Now that I am commuting to work on a regular basis, I am looking to change out the old stock knobby MTB tires on my early '90's vintage Specialized HardRock for some faster rolling tires. Do you all have any recommendations for tires I should consider? I really don't plan on riding off road, but will have to negotiate the common piles of sand and dirt in the roads. I am thinking slick or semi-slick right now. Are there any models/brands you really like? Any I should avoid?

Thanks for the input.

Jay


----------



## jd3 (Oct 8, 2004)

http://www.specialized.com/bc/SBCEqProduct.jsp?spid=35708

I don't have a 26" bike anymore (29er), but I ride with some guys that run these on the street and they love them. They don't seen to have any problem going fast either.


----------



## Henry Chinaski (Feb 3, 2004)

I'm a big Conti fan, but was thinking of building up a 26 inch single speed commuter this summer and using Schwalbe Big Apples.

http://www.schwalbetires.com/node/1328


----------



## JohnnyTooBad (Apr 5, 2004)

Before I got a road bike, and now a dedicated SS commuter, I used to commute on a hard tail MTB. I put some Conti Town & Country tires on it. I really liked them. Used them for 2 years without a flat, or even much noticable wear.


----------



## Lamourish (Dec 31, 2005)

Ritchey "Tom Slick" tires. I used them on my 93 rockhopper commuter before it died. I generally kept them cranked to around 100 PSI. They're super fast, with the usual trade off of traction.


----------



## Treker (Nov 7, 2007)

Hi All,

Thanks to everyone for their input. I ended up getting a Specialized tire, but not the FatBoy. Instead I got a set of Nimbus Armadillos. 

http://www.specialized.com/bc/SBCEqProduct.jsp?spid=35705

I wanted a little more tread than the FatBoy for the mixed road surfaces that I ride to work on. I will be riding them for the first time tomorrow morning. I'll let you all know how I like them after I have ridden them for a few days.

Later,

Jay


----------



## skyphix (Jul 26, 2007)

EDIT: Just noticed you purchased already, I'll leave this here for future searches though. 

I went over this 1000 times this past summer while converting my old mountain bike (Trek 7000) to a more road oriented bike. I eventually decided on Geax Roadster
http://www.bikemannetwork.com/biking/p/COMPTRMTNSLK/TR3573

I'm happy - even in some wet dirt (not quite mud) I had plenty of traction, though obviously more sipping than with knobbies, so much better than expected.

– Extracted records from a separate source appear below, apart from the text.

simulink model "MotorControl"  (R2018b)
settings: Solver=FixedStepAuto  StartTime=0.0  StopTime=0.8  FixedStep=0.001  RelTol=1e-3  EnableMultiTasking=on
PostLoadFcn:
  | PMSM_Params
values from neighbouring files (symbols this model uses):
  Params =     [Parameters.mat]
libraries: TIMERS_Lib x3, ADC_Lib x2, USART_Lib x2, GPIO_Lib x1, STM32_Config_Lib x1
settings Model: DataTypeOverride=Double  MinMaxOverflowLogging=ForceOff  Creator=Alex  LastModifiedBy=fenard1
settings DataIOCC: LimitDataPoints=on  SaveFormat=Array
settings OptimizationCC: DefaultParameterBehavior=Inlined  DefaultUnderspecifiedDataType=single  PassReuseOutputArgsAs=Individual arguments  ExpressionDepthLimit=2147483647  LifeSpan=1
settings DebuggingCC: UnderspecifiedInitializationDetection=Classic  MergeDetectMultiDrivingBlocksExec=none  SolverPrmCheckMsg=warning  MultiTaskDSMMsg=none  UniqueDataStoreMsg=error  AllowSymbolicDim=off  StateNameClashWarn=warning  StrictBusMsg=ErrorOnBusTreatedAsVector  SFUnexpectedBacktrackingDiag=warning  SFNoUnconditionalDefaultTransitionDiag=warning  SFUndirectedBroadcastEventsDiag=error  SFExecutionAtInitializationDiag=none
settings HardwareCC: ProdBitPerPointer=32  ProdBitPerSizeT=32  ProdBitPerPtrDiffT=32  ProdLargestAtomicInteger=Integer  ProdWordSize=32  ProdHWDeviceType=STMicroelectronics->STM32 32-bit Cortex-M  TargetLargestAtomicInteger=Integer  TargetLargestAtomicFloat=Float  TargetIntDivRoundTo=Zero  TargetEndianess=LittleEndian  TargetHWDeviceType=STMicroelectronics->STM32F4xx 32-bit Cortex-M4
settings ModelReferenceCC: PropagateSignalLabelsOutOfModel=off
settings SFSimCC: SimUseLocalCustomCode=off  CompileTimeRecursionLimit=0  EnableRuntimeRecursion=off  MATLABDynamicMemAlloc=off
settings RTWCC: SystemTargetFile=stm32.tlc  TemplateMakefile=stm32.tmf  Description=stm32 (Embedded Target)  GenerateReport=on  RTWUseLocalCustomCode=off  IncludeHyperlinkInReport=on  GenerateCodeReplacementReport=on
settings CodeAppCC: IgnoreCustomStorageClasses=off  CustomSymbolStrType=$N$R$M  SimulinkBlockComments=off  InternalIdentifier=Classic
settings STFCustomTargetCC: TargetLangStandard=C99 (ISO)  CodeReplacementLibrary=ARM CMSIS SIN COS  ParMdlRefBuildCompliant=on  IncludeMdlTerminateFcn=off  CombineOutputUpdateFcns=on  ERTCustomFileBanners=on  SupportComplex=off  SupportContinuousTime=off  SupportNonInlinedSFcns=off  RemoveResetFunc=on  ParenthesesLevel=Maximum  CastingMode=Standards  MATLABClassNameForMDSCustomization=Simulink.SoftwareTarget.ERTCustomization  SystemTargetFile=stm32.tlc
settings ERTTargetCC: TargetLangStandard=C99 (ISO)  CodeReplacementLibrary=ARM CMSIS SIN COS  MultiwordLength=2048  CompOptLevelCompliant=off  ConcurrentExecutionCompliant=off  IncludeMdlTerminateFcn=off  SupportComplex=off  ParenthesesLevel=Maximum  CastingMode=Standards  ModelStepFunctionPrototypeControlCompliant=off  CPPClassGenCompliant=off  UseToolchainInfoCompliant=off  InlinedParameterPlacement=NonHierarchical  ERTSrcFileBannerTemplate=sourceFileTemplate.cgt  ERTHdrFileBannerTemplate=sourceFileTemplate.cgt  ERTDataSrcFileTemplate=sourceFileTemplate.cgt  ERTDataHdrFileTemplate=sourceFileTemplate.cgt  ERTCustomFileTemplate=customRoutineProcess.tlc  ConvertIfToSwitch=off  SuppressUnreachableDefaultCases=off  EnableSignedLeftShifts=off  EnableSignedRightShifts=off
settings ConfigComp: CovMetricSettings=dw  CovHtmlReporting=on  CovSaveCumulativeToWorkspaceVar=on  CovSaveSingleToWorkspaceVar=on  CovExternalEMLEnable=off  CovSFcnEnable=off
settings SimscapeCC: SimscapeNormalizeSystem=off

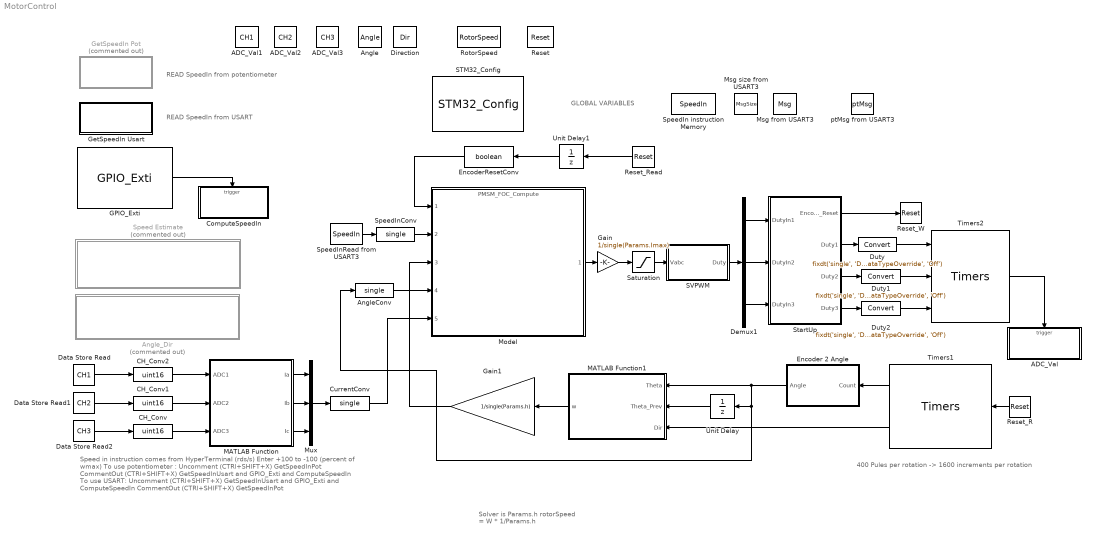
== system MotorControl ==
  note: Speed in instruction comes from HyperTerminal (rds/s)
      | Enter +100 to -100 (percent of wmax)
      | To use potentiometer :
      | Uncomment (CTRl+SHIFT+X) GetSpeedInPot
      | CommentOut (CTRl+SHIFT+X) GetSpeedInUsart and GPIO_Exti
      | and ComputeSpeedIn
      | To use USART:
      | Uncomment (CTRl+SHIFT+X) GetSpeedInUsart and GPIO_Exti
      | and ComputeSpeedIn
      | CommentOut (CTRl+SHIFT+X) GetSpeedInPot
  note: GLOBAL VARIABLES
  note: READ SpeedIn from potentiometer
  note: READ SpeedIn from USART
  note: 400 Pules per rotation -> 1600 increments per rotation
  note: Solver is Params.h
      | rotorSpeed = W * 1/Params.h
  ADC_Val : Subsystem  TreatAsAtomicUnit=on
  ADC_Val1 : DataStoreMemory  DataStoreName=CH1  ReadBeforeWriteMsg=warning  WriteAfterWriteMsg=warning  WriteAfterReadMsg=warning  ShowAdditionalParam=off  OutMin=0  OutMax=4095  OutDataTypeStr=fixdt('uint16', 'DataTypeOverride', 'Off')
  ADC_Val2 : DataStoreMemory  DataStoreName=CH2  ReadBeforeWriteMsg=warning  WriteAfterWriteMsg=warning  WriteAfterReadMsg=warning  ShowAdditionalParam=off  OutMin=0  OutMax=4095  OutDataTypeStr=fixdt('uint16', 'DataTypeOverride', 'Off')
  ADC_Val3 : DataStoreMemory  DataStoreName=CH3  ReadBeforeWriteMsg=warning  WriteAfterWriteMsg=warning  WriteAfterReadMsg=warning  ShowAdditionalParam=off  OutMin=0  OutMax=4095  OutDataTypeStr=fixdt('uint16', 'DataTypeOverride', 'Off')
  Angle : DataStoreMemory  DataStoreName=Angle  ReadBeforeWriteMsg=warning  WriteAfterWriteMsg=warning  WriteAfterReadMsg=warning  ShowAdditionalParam=off  OutDataTypeStr=fixdt('single', 'DataTypeOverride', 'Off')
  AngleConv : DataTypeConversion  OutDataTypeStr=single
  Angle_Dir : Subsystem  Commented=on  TreatAsAtomicUnit=on  SystemSampleTime=0.001
  CH_Conv : DataTypeConversion  OutDataTypeStr=uint16
  CH_Conv1 : DataTypeConversion  OutDataTypeStr=uint16
  CH_Conv2 : DataTypeConversion  OutDataTypeStr=uint16
  ComputeSpeedIn : Subsystem  TreatAsAtomicUnit=on
  CurrentConv : DataTypeConversion  OutDataTypeStr=single
  Data Store Read : DataStoreRead  DataStoreName=CH1
  Data Store Read1 : DataStoreRead  DataStoreName=CH2
  Data Store Read2 : DataStoreRead  DataStoreName=CH3
  Demux1 : Demux  Outputs=3
  Direction : DataStoreMemory  DataStoreName=Dir  ReadBeforeWriteMsg=warning  WriteAfterWriteMsg=warning  WriteAfterReadMsg=warning  ShowAdditionalParam=off  OutDataTypeStr=fixdt('uint8', 'DataTypeOverride', 'Off')
  Duty : DataTypeConversion  OutDataTypeStr=fixdt('single', 'DataTypeOverride', 'Off')
  Duty1 : DataTypeConversion  OutDataTypeStr=fixdt('single', 'DataTypeOverride', 'Off')
  Duty2 : DataTypeConversion  OutDataTypeStr=fixdt('single', 'DataTypeOverride', 'Off')
  Encoder 2 Angle : MATLAB Function  TreatAsAtomicUnit=on
      settings: MinAlgLoopOccurrences=on
  EncoderResetConv : DataTypeConversion  OutDataTypeStr=boolean
  GPIO_Exti : GPIO_Lib/GPIO_Exti  Port_name=GPIOB  Pin_0=off  Pin_1=off  Pin_2=off  Pin_3=off  Pin_4=off  Pin_5=off  Pin_6=off  Pin_7=off  Pin_8=off  Pin_9=off  Pin_10=off  Pin_11=off  Pin_12=off  Pin_13=off  Pin_14=off  Pin_15=on  PinList=GPIOB15GPIOC13
      settings: SourceProductName=Target Support Package - STM32 Adapter
  Gain : Gain  Gain=1/single(Params.Imax)
  Gain1 : Gain  Gain=1/single(Params.h)  OutDataTypeStr=double
  GetSpeedIn Pot : Subsystem  Commented=on  TreatAsAtomicUnit=on  SystemSampleTime=0.1
  GetSpeedIn Usart : Subsystem  TreatAsAtomicUnit=on  SystemSampleTime=0.1
  MATLAB Function : MATLAB Function  TreatAsAtomicUnit=on
  MATLAB Function1 : MATLAB Function  TreatAsAtomicUnit=on
  Model : ModelReference  ModelNameDialog=PMSM_FOC_Compute.slx  SimulationMode=Normal  ModelReferenceVersion=1.373
  Msg from USART3 : DataStoreMemory  DataStoreName=Msg  ReadBeforeWriteMsg=warning  WriteAfterWriteMsg=warning  WriteAfterReadMsg=warning  InitialValue=[0,0,0,0,0,0,0,0]  ShowAdditionalParam=off  OutDataTypeStr=fixdt('uint8', 'DataTypeOverride', 'Off')
  Msg size from USART3 : DataStoreMemory  DataStoreName=MsgSize  ReadBeforeWriteMsg=warning  WriteAfterWriteMsg=warning  WriteAfterReadMsg=warning  ShowAdditionalParam=off  OutDataTypeStr=fixdt('uint16', 'DataTypeOverride', 'Off')
  Mux : Mux  Inputs=3
  Reset : DataStoreMemory  DataStoreName=Reset  ReadBeforeWriteMsg=warning  WriteAfterWriteMsg=warning  WriteAfterReadMsg=warning  InitialValue=1  ShowAdditionalParam=off  OutDataTypeStr=fixdt('uint8', 'DataTypeOverride', 'Off')
  Reset_R : DataStoreRead  DataStoreName=Reset
  Reset_Read : DataStoreRead  DataStoreName=Reset
  Reset_W : DataStoreWrite  DataStoreName=Reset
  RotorSpeed : DataStoreMemory  DataStoreName=RotorSpeed  ReadBeforeWriteMsg=warning  WriteAfterWriteMsg=warning  WriteAfterReadMsg=warning  ShowAdditionalParam=off  OutDataTypeStr=fixdt('single', 'DataTypeOverride', 'Off')
  STM32_Config : STM32_Config_Lib/STM32_Config  Priority=0  Project_Path=.\  Config_File=STM32F302R_NUCLEO.ioc  MCU_Name=STM32F302R8Tx
      settings: SourceProductName=Target Support Package - STM32 Adapter
  SVPWM : MATLAB Function  TreatAsAtomicUnit=on
  Saturation : Saturate  UpperLimit=1  LowerLimit=-1
  Speed Estimate : Subsystem  Commented=on  TreatAsAtomicUnit=on  SystemSampleTime=1/500
  SpeedIn instruction Memory : DataStoreMemory  DataStoreName=SpeedIn  ReadBeforeWriteMsg=warning  WriteAfterWriteMsg=warning  WriteAfterReadMsg=warning  ShowAdditionalParam=off  OutMin=-100  OutMax=+100  OutDataTypeStr=fixdt('single', 'DataTypeOverride', 'Off')
  SpeedInConv : DataTypeConversion  OutDataTypeStr=single
  SpeedInRead from USART3 : DataStoreRead  DataStoreName=SpeedIn
  StartUp : Stateflow chart  TreatAsAtomicUnit=on
      settings: MinAlgLoopOccurrences=on
  Timers1 : TIMERS_Lib/Timers  currentTIM=TIM2  TIM_Name=TIM2  sysUsingTimer=off  TIM_APBClock=72000000  TIM_Set_Clk=off  TIM_Prescaler=0  TIM_Clock=72000000.00  Variable_frequency=off  TIM_Set_OutFreq=off  TIM_ARR=799  Output_frequency=90112.64  Repetition_counter=0  TIM_Mode=Up  TIM_DMA=none  TIM_IRQ=off  TIM_IRQ_ONLY=off  TIM_UP=off  TIM_TRG=off  TIM_COM=off  TIM_BRK=off  NbTIM=2  CH1_enable=on  CH1N_enable=off  CH1_type=Input_Encoder  CH1_DMA=off  CH1_int=off  CH1_edge=Rising  CH1_div=1  CH1_variable_duty=off  CH1_set_pulse=off  CH1_output_duty=0.00  CH1_pulse=0  CH2_enable=on  CH2N_enable=off  CH2_type=Input_Encoder  CH2_DMA=off  CH2_int=off  CH2_edge=Rising  CH2_div=1  CH2_variable_duty=off  CH2_set_pulse=off  CH2_output_duty=0.00  CH2_pulse=0  CH3_enable=off  CH3N_enable=off  CH3_type=Unknown  CH3_DMA=off  CH3_int=off  CH3_edge=Rising  CH3_div=1  CH3_variable_duty=off  CH3_set_pulse=off  CH3_output_duty=0.00  CH3_pulse=0  CH4_enable=off  CH4N_enable=off  CH4_type=Unknown  CH4_DMA=off  CH4_int=off  CH4_edge=Rising  CH4_div=1  CH4_variable_duty=off  CH4_set_pulse=off  CH4_output_duty=0.00  CH4_pulse=0
      settings: SourceProductName=Target Support Package - STM32 Adapter
  Timers2 : TIMERS_Lib/Timers  currentTIM=TIM1  TIM_Name=TIM1  sysUsingTimer=off  TIM_APBClock=72000000  TIM_Set_Clk=off  TIM_Prescaler=0  TIM_Clock=72000000.00  Variable_frequency=off  TIM_Set_OutFreq=on  TIM_ARR=7200  Output_frequency=10000.00  Repetition_counter=0  TIM_Mode=Center_Aligned_2  TIM_DMA=none  TIM_IRQ=off  TIM_IRQ_ONLY=off  TIM_UP=on  TIM_TRG=off  TIM_COM=off  TIM_BRK=off  NbTIM=2  CH1_enable=on  CH1N_enable=on  CH1_type=Output_PWM  CH1_DMA=off  CH1_int=off  CH1_edge=Rising  CH1_div=1  CH1_variable_duty=on  CH1_set_pulse=off  CH1_output_duty=30.00  CH1_pulse=2160  CH2_enable=on  CH2N_enable=on  CH2_type=Output_PWM  CH2_DMA=off  CH2_int=off  CH2_edge=Rising  CH2_div=1  CH2_variable_duty=on  CH2_set_pulse=off  CH2_output_duty=0.00  CH2_pulse=0  CH3_enable=on  CH3N_enable=on  CH3_type=Output_PWM  CH3_DMA=off  CH3_int=off  CH3_edge=Rising  CH3_div=1  CH3_variable_duty=on  CH3_set_pulse=off  CH3_output_duty=5.00  CH3_pulse=360  CH4_enable=off  CH4N_enable=off  CH4_type=Unknown  CH4_DMA=off  CH4_int=off  CH4_edge=Rising  CH4_div=1  CH4_variable_duty=off  CH4_set_pulse=off  CH4_output_duty=0.00  CH4_pulse=0
      settings: SourceProductName=Target Support Package - STM32 Adapter
  Unit Delay : UnitDelay  SampleTime=-1
  Unit Delay1 : UnitDelay  SampleTime=-1
  ptMsg from USART3 : DataStoreMemory  DataStoreName=ptMsg  ReadBeforeWriteMsg=warning  WriteAfterWriteMsg=warning  WriteAfterReadMsg=warning  ShowAdditionalParam=off  OutDataTypeStr=fixdt('uint32', 'DataTypeOverride', 'Off')
  wires:
  Demux1/1 -> StartUp/1(DutyIn1)
  Demux1/2 -> StartUp/2(DutyIn2)
  Demux1/3 -> StartUp/3(DutyIn3)
  StartUp/1(Encoder_Reset) -> Reset_W/1
  StartUp/2(Duty1) -> Duty/1
  Gain/1 -> Saturation/1
  Unit Delay1/1 -> EncoderResetConv/1
  EncoderResetConv/1 -> Model/1
  AngleConv/1 -> Model/4
  GPIO_Exti/1 -> ComputeSpeedIn/Trigger
  SpeedInRead from USART3/1 -> SpeedInConv/1
  SpeedInConv/1 -> Model/2
  StartUp/3(Duty2) -> Duty1/1
  StartUp/4(Duty3) -> Duty2/1
  Data Store Read/1 -> CH_Conv2/1
  Data Store Read1/1 -> CH_Conv1/1
  Reset_Read/1 -> Unit Delay1/1
  Timers1/1 -> Encoder 2 Angle/1(Count)
  Reset_R/1 -> Timers1/1
  Unit Delay/1 -> MATLAB Function1/2(Theta_Prev)
  MATLAB Function1/1(w) -> Gain1/1
  Timers1/2 -> MATLAB Function1/3(Dir)
  Encoder 2 Angle/1(Angle) -> AngleConv/1, Unit Delay/1, MATLAB Function1/1(Theta)
  Gain1/1 -> Model/3
  MATLAB Function/1(Ia) -> Mux/1
  MATLAB Function/2(Ib) -> Mux/2
  MATLAB Function/3(Ic) -> Mux/3
  Mux/1 -> CurrentConv/1
  CurrentConv/1 -> Model/5
  Model/1 -> Gain/1
  Saturation/1 -> SVPWM/1(Vabc)
  CH_Conv/1 -> MATLAB Function/3(ADC3)
  CH_Conv1/1 -> MATLAB Function/2(ADC2)
  CH_Conv2/1 -> MATLAB Function/1(ADC1)
  SVPWM/1(Duty) -> Demux1/1
  Duty/1 -> Timers2/1
  Duty2/1 -> Timers2/3
  Duty1/1 -> Timers2/2
  Data Store Read2/1 -> CH_Conv/1
  Timers2/1 -> ADC_Val/Trigger

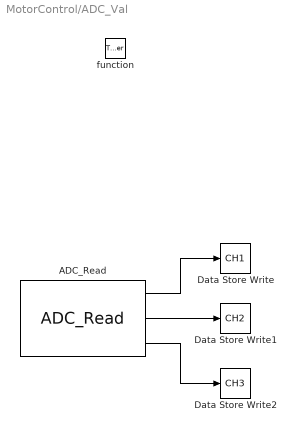
== system MotorControl/ADC_Val ==
  function : TriggerPort  TriggerType=function-call  VariantControl=Variant
  ADC_Read : ADC_Lib/ADC_Read  ADC_Name=ADC1  ADC_Ch0=off  ADC_Ch1=off  ADC_Ch2=off  ADC_Ch3=off  ADC_Ch4=off  ADC_Ch5=off  ADC_Ch6=off  ADC_Ch7=off  ADC_Ch8=on  ADC_Ch9=on  ADC_Ch10=on  ADC_Ch11=off  ADC_Ch12=off  ADC_Ch13=off  ADC_Ch14=off  ADC_Ch15=off  ADC_Ch16=off  ADC_Ch17=off  ADC_Ch18=off  RgRk1=on  RgRk2=on  RgRk3=on  RgRk4=off  RgRk1_Ch=Ch8_r1  RgRk2_Ch=Ch9_r2  RgRk3_Ch=Ch10_r3  RgRk4_Ch=off  RgRk5=off  RgRk6=off  RgRk7=off  RgRk8=off  RgRk5_Ch=off  RgRk6_Ch=off  RgRk7_Ch=off  RgRk8_Ch=off  RgRk9=off  RgRk10=off  RgRk11=off  RgRk12=off  RgRk9_Ch=off  RgRk10_Ch=off  RgRk11_Ch=off  RgRk12_Ch=off  RgRk13=off  RgRk14=off  RgRk15=off  RgRk16=off  RgRk13_Ch=off  RgRk14_Ch=off  RgRk15_Ch=off  RgRk16_Ch=off  InjRk1=off  InjRk2=off  InjRk3=off  InjRk4=off  InjRk1_Ch=off  InjRk2_Ch=off  InjRk3_Ch=off  InjRk4_Ch=off  ADC_Trig=T1_TRGO  ADC_TrigEdge=RISING  DmaReq=on  DMA_Buffer=128  ItReq=off  AWD_Mode=NOT_USED  AWD_Ch=0  AWD_HThres=0  AWD_LThres=0  AWD_En_Int=off  AWD2_HThres=0  AWD2_LThres=0  AWD2_En_Int=off  AWD3_HThres=0  AWD3_LThres=0  AWD3_En_Int=off  EOC_SEQ=off  EOC_IT=off  JEOC_IT=off  AWD_IT=off  OVR_IT=off  CpltTrans=off  HalfTrans=off  ADC_RegNb=3  ADC_RegCh0=off  ADC_RegCh1=off  ADC_RegCh2=off  ADC_RegCh3=off  ADC_RegCh4=off  ADC_RegCh5=off  ADC_RegCh6=off  ADC_RegCh7=off  ADC_RegCh8=on  ADC_RegCh9=on  ADC_RegCh10=on  ADC_RegCh11=off  ADC_RegCh12=off  ADC_RegCh13=off  ADC_RegCh14=off  ADC_RegCh15=off  ADC_RegCh16=off  ADC_RegCh17=off  ADC_RegCh18=off  ADC_InjNb=0  ADC_InjCh0=off  ADC_InjCh1=off  ADC_InjCh2=off  ADC_InjCh3=off  ADC_InjCh4=off  ADC_InjCh5=off  ADC_InjCh6=off  ADC_InjCh7=off  ADC_InjCh8=off  ADC_InjCh9=off  ADC_InjCh10=off  ADC_InjCh11=off  ADC_InjCh12=off  ADC_InjCh13=off  ADC_InjCh14=off  ADC_InjCh15=off  ADC_InjCh16=off  ADC_InjCh17=off  ADC_InjCh18=off  NbADC=1  CurrentADC=ADC1
      settings: SourceProductName=Target Support Package - STM32 Adapter
  Data Store Write : DataStoreWrite  DataStoreName=CH1
  Data Store Write1 : DataStoreWrite  DataStoreName=CH2
  Data Store Write2 : DataStoreWrite  DataStoreName=CH3
  wires:
  ADC_Read/3 -> Data Store Write2/1
  ADC_Read/1 -> Data Store Write/1
  ADC_Read/2 -> Data Store Write1/1

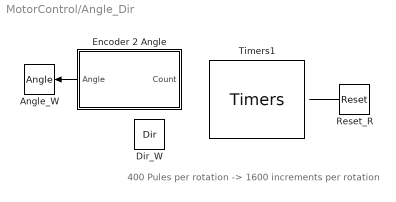
== system MotorControl/Angle_Dir ==
  note: 400 Pules per rotation -> 1600 increments per rotation
  Angle_W : DataStoreWrite  DataStoreName=Angle
  Dir_W : DataStoreWrite  DataStoreName=Dir
  Encoder 2 Angle : MATLAB Function  TreatAsAtomicUnit=on
      settings: MinAlgLoopOccurrences=on
  Reset_R : DataStoreRead  DataStoreName=Reset
  Timers1 : TIMERS_Lib/Timers  currentTIM=none  TIM_Name=TIM1  sysUsingTimer=on  TIM_APBClock=96000000  TIM_Set_Clk=off  TIM_Prescaler=2  TIM_Clock=24000000.00  Variable_frequency=off  TIM_Set_OutFreq=off  TIM_ARR=799  Output_frequency=30037.55  Repetition_counter=0  TIM_Mode=Up  TIM_DMA=none  TIM_IRQ=off  TIM_IRQ_ONLY=on  TIM_UP=off  TIM_TRG=off  TIM_COM=off  TIM_BRK=off  NbTIM=2  CH1_enable=off  CH1N_enable=off  CH1_type=Output_PWM  CH1_DMA=off  CH1_int=off  CH1_edge=Rising  CH1_div=1  CH1_variable_duty=off  CH1_set_pulse=off  CH1_output_duty=0.00  CH1_pulse=0  CH2_enable=off  CH2N_enable=off  CH2_type=Output_PWM  CH2_DMA=off  CH2_int=off  CH2_edge=Rising  CH2_div=1  CH2_variable_duty=off  CH2_set_pulse=off  CH2_output_duty=0.00  CH2_pulse=0  CH3_enable=off  CH3N_enable=off  CH3_type=Output_PWM  CH3_DMA=off  CH3_int=off  CH3_edge=Rising  CH3_div=1  CH3_variable_duty=off  CH3_set_pulse=off  CH3_output_duty=0.00  CH3_pulse=0  CH4_enable=off  CH4N_enable=off  CH4_type=Unknown  CH4_DMA=off  CH4_int=off  CH4_edge=Rising  CH4_div=1  CH4_variable_duty=off  CH4_set_pulse=off  CH4_output_duty=0.00  CH4_pulse=0
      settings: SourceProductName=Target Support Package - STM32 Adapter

I've also riden them on the local poorly maintained bike trail with no issue and at my weight (280lbs) I've even avoided pinch flats despite many hopped curbs and potholes. They're heavy, but it was more important for me to get a tough tire. I ofset the weight anyway by ditching my suspension fork for a rigid fork, and even before I did that the reduction in rolling resistance more than outweighed the extra weight.

Good luck in your decision


----------



## pyrtwist (Feb 5, 2008)

Fat Boys. Best 26" slick ever. Do not let the lack of tread scare you. I used them on early 90s Trek 7000s and my Fisher Tandem now a tour rig. Never ever had a traction issue rain or shine. Lack of knobs means more tire surface on the road. High pressure forceswater out of the way.

But if you insist on having rolling resistence I recommend a tire that holds at least 100 psi.


----------



## Lamourish (Dec 31, 2005)

+1 Tom Slick


----------